== PROMPT ==
Determine the number of lines in the listing below where the string "part" occurs; answer with the number alone.
-- GIVEN RECORDS follows --
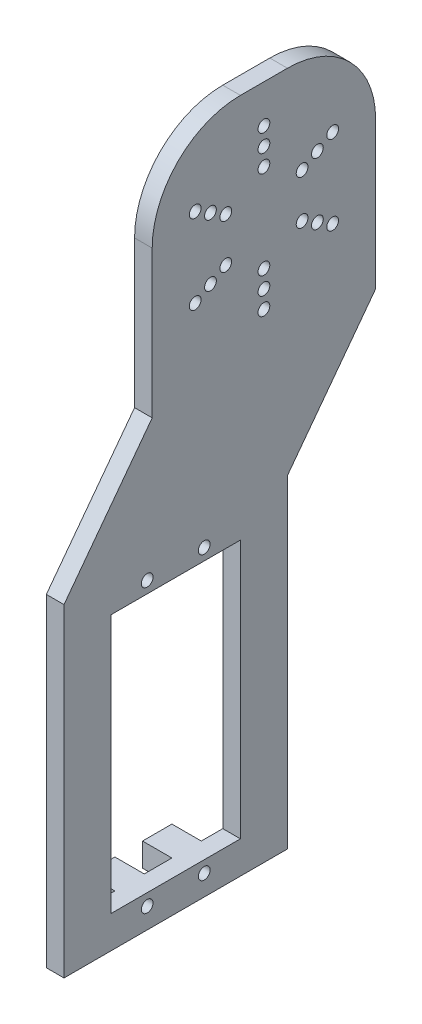
from build123d import *

# Parameters (mm, degrees)
SKETCH1_R           = 1
SKETCH1_W           = 22
SKETCH1_H           = 44
BOSS_EXTRUDE1_DEPTH = 1.5
FILLET1_R           = 15
BOSS_EXTRUDE2_START = -5
SKETCH2_W           = 5
SKETCH2_H           = 4
SKETCH2_R           = 1
BOSS_EXTRUDE2_DEPTH = 5


with BuildPart() as part:
    # Sketch1 → Boss-Extrude1 (new, symmetric)
    with BuildSketch(Plane(origin=(0, 0, 0), x_dir=(0, 0, -1), z_dir=(1, 0, 0))):
        Polygon((-19, -27.5), (19, -27.5), (19, 27.5), (34, 47.5), (34, 87.5), (-4, 87.5), (-4, 47.5), (-19, 27.5), align=None)
        with Locations((-4.85, -24)):
            Circle(SKETCH1_R, mode=Mode.SUBTRACT)
        with Locations((4.85, -24)):
            Circle(SKETCH1_R, mode=Mode.SUBTRACT)
        with Locations((4.85, 24)):
            Circle(SKETCH1_R, mode=Mode.SUBTRACT)
        with Locations((-4.85, 24)):
            Circle(SKETCH1_R, mode=Mode.SUBTRACT)
        with Locations((15, 75)):
            Circle(SKETCH1_R, mode=Mode.SUBTRACT)
        with Locations((15, 78)):
            Circle(SKETCH1_R, mode=Mode.SUBTRACT)
        with Locations((15, 81)):
            Circle(SKETCH1_R, mode=Mode.SUBTRACT)
        with Locations((21.495190528, 71.25)):
            Circle(SKETCH1_R, mode=Mode.SUBTRACT)
        with Locations((24.09326674, 72.75)):
            Circle(SKETCH1_R, mode=Mode.SUBTRACT)
        with Locations((26.691342951, 74.25)):
            Circle(SKETCH1_R, mode=Mode.SUBTRACT)
        with Locations((21.495190528, 63.75)):
            Circle(SKETCH1_R, mode=Mode.SUBTRACT)
        with Locations((24.09326674, 62.25)):
            Circle(SKETCH1_R, mode=Mode.SUBTRACT)
        with Locations((26.691342951, 60.75)):
            Circle(SKETCH1_R, mode=Mode.SUBTRACT)
        with Locations((15, 60)):
            Circle(SKETCH1_R, mode=Mode.SUBTRACT)
        with Locations((15, 57)):
            Circle(SKETCH1_R, mode=Mode.SUBTRACT)
        with Locations((15, 54)):
            Circle(SKETCH1_R, mode=Mode.SUBTRACT)
        with Locations((8.504809472, 63.75)):
            Circle(SKETCH1_R, mode=Mode.SUBTRACT)
        with Locations((5.90673326, 62.25)):
            Circle(SKETCH1_R, mode=Mode.SUBTRACT)
        with Locations((3.308657049, 60.75)):
            Circle(SKETCH1_R, mode=Mode.SUBTRACT)
        with Locations((8.504809472, 71.25)):
            Circle(SKETCH1_R, mode=Mode.SUBTRACT)
        with Locations((5.90673326, 72.75)):
            Circle(SKETCH1_R, mode=Mode.SUBTRACT)
        with Locations((3.308657049, 74.25)):
            Circle(SKETCH1_R, mode=Mode.SUBTRACT)
        Rectangle(SKETCH1_W, SKETCH1_H, mode=Mode.SUBTRACT)
    extrude(amount=BOSS_EXTRUDE1_DEPTH, both=True)

    # Fillet1
    fillet1_edges = [part.edges().sort_by_distance(p)[0] for p in [
        (0, 87.5, 4),
        (0, 87.5, -34),
    ]]
    fillet(fillet1_edges, radius=FILLET1_R)

    # Sketch2 → Boss-Extrude2 (add)
    # profile 1 of 4: a face of its own
    with BuildSketch(Plane(origin=(-1.5, 0, 0), x_dir=(0, 0, -1), z_dir=(1, 0, 0)).offset(BOSS_EXTRUDE2_START)):
        with Locations((-4.85, -24)):
            Rectangle(SKETCH2_W, SKETCH2_H)
        with Locations((-4.85, -24)):
            Circle(SKETCH2_R, mode=Mode.SUBTRACT)
    # profile 2 of 4: a face of its own
    with BuildSketch(Plane(origin=(-1.5, 0, 0), x_dir=(0, 0, -1), z_dir=(1, 0, 0)).offset(BOSS_EXTRUDE2_START)):
        with Locations((4.85, -24)):
            Rectangle(SKETCH2_W, SKETCH2_H)
        with Locations((4.85, -24)):
            Circle(SKETCH2_R, mode=Mode.SUBTRACT)
    # profile 3 of 4: a face of its own
    with BuildSketch(Plane(origin=(-1.5, 0, 0), x_dir=(0, 0, -1), z_dir=(1, 0, 0)).offset(BOSS_EXTRUDE2_START)):
        with Locations((4.85, 24)):
            Rectangle(SKETCH2_W, SKETCH2_H)
        with Locations((4.85, 24)):
            Circle(SKETCH2_R, mode=Mode.SUBTRACT)
    # profile 4 of 4: a face of its own
    with BuildSketch(Plane(origin=(-1.5, 0, 0), x_dir=(0, 0, -1), z_dir=(1, 0, 0)).offset(BOSS_EXTRUDE2_START)):
        with Locations((-4.85, 24)):
            Rectangle(SKETCH2_W, SKETCH2_H)
        with Locations((-4.85, 24)):
            Circle(SKETCH2_R, mode=Mode.SUBTRACT)
    extrude(amount=BOSS_EXTRUDE2_DEPTH)


solid = part.part
-- GIVEN RECORDS concluded --
== REPLY TO THE TASK ==
3